# GAF Timberline HD - Driftwood. 3Tab ridge cap color match!



## AndyE12 (Mar 22, 2012)

Hello,

I have a project I need to order our for Saturday. He decided (his wife) to change the color to driftwood from shakewood. The gentleman in question already is under contract and has 383ft of hip/ridge. Timbertex price would scare the baby jesus out of him. I need to find a 3 tab color match from any manufacture wide enough for Cobra 3 ridge vent. ABC said they have nothing but they were more excited to sell 19 bundles of timbertex. 

Tamko has a semi color match but it is a good dealer lighter/whiter. Ugh, tried so hard to get this 85 sq 14/12 two story monstrosity perfect. Any help would be amazingly helpful! Zip code is 37129 (nashville, tn).


----------



## BamBamm5144 (Jan 2, 2010)

Why don't you use the proper kind of cap and install at minimum Seal-A-Ridge?

I don't see any benefits to anyone (other than you) to install a ridge cap that is projected to last as half as long as the roof.


----------



## jeffroofing (Feb 18, 2012)

I remember doing a shed for a home owner that used driftwood and they went and bought owens corning 3tab for cap in a color thats basically the same.. check lowes for it. 

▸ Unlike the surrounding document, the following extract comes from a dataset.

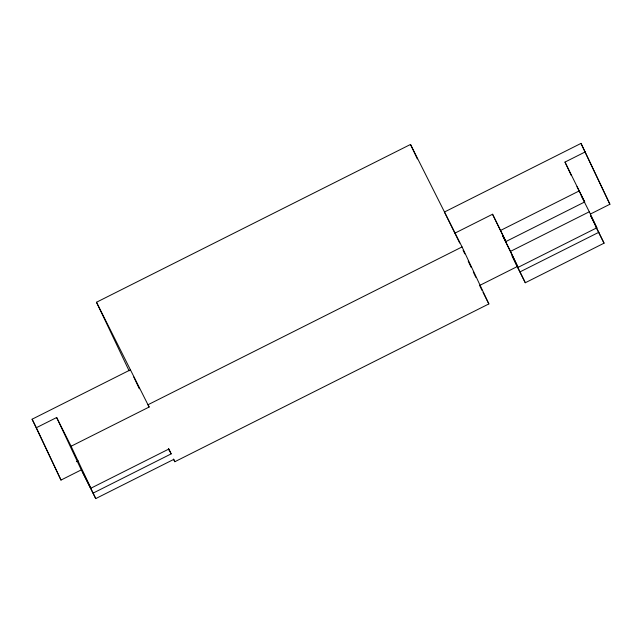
<?xml version="1.0" encoding="UTF-8"?>
<svg xmlns="http://www.w3.org/2000/svg" width="642" height="642" viewBox="0 0 642 642"><rect width="100%" height="100%" fill="white"/><g stroke="black" fill="none" stroke-linecap="round" stroke-linejoin="round"><path stroke-width="0.96" d="M129.114 370.819L96.493 302.246L410.511 144.45L462.055 246.929L488.859 303.923L174.833 461.718L173.484 459.038M60.99 480.072L36.369 427.716L56.656 417.517L81.285 469.88L60.99 480.072L32.1 419.218L130.406 369.824M590.496 214.003L609.9 204.252L581.01 143.399L444.424 212.029L459.696 243.029M571.356 175.627L564.992 162.081L585.279 151.889M455.026 233.094L492.558 214.235L505.928 241.536L584.685 201.965L564.992 162.081M462.055 246.929L148.037 404.725L149.121 407.036L71.11 446.238L90.851 488.233L168.87 449.031L171.149 453.886L93.138 493.096L95.73 498.601L173.741 459.399L174.833 461.718M500.68 230.382L579.437 190.81M76.382 461.702L78.172 460.804M589.292 211.78L596.835 227.806L518.078 267.377L510.542 251.351L589.292 211.78L581.179 195.633M479.646 285.457L517.179 266.599L512.043 255.668L525.3 282.745L604.058 243.174L590.801 216.097M520.164 271.815L598.922 232.243M609.9 204.252L581.01 143.399M576.989 186.67L584.685 201.965M590.849 215.905L596.835 227.806M595.303 225.759L604.058 243.174M505.928 241.536L492.558 214.235M510.542 251.351L502.421 235.205L518.078 267.377M517.179 266.599L525.3 282.745M479.895 286.099L482.134 290.553M483.025 292.335L488.859 303.923M96.493 302.246L149.121 407.036M168.589 448.79L171.149 453.886M168.397 448.766L169.287 450.54M56.656 417.517L71.11 446.238M90.851 488.233L82.73 472.087L93.138 493.096M81.285 469.88L95.73 498.601M32.1 419.218L36.369 427.716M463.091 250.252L464.792 253.863M468.187 261.085L471.156 267.401M473.282 271.919L475.826 277.336M410.511 144.45L417.324 158.919M133.801 377.047L139.322 388.779"/></g></svg>

I would explain to the homeowner if you could about the cap because the three tabs tend to crack quick at the crease when installed with architectural shingles, but if the home owner wants three tab cap, then go for it!


----------



## fred (Mar 19, 2012)

just use three tab, and tell the homeowner up front so he knows


----------



## BrandRoof (Dec 13, 2011)

fred said:


> just use three tab, and tell the homeowner up front so he knows


Back to what bam said, that's a helluva alot of ridge. I've got a special note on my proposal for enhanced ridge and it's noted that an enhanced ridge is required at an additional rate depending on color selection.


----------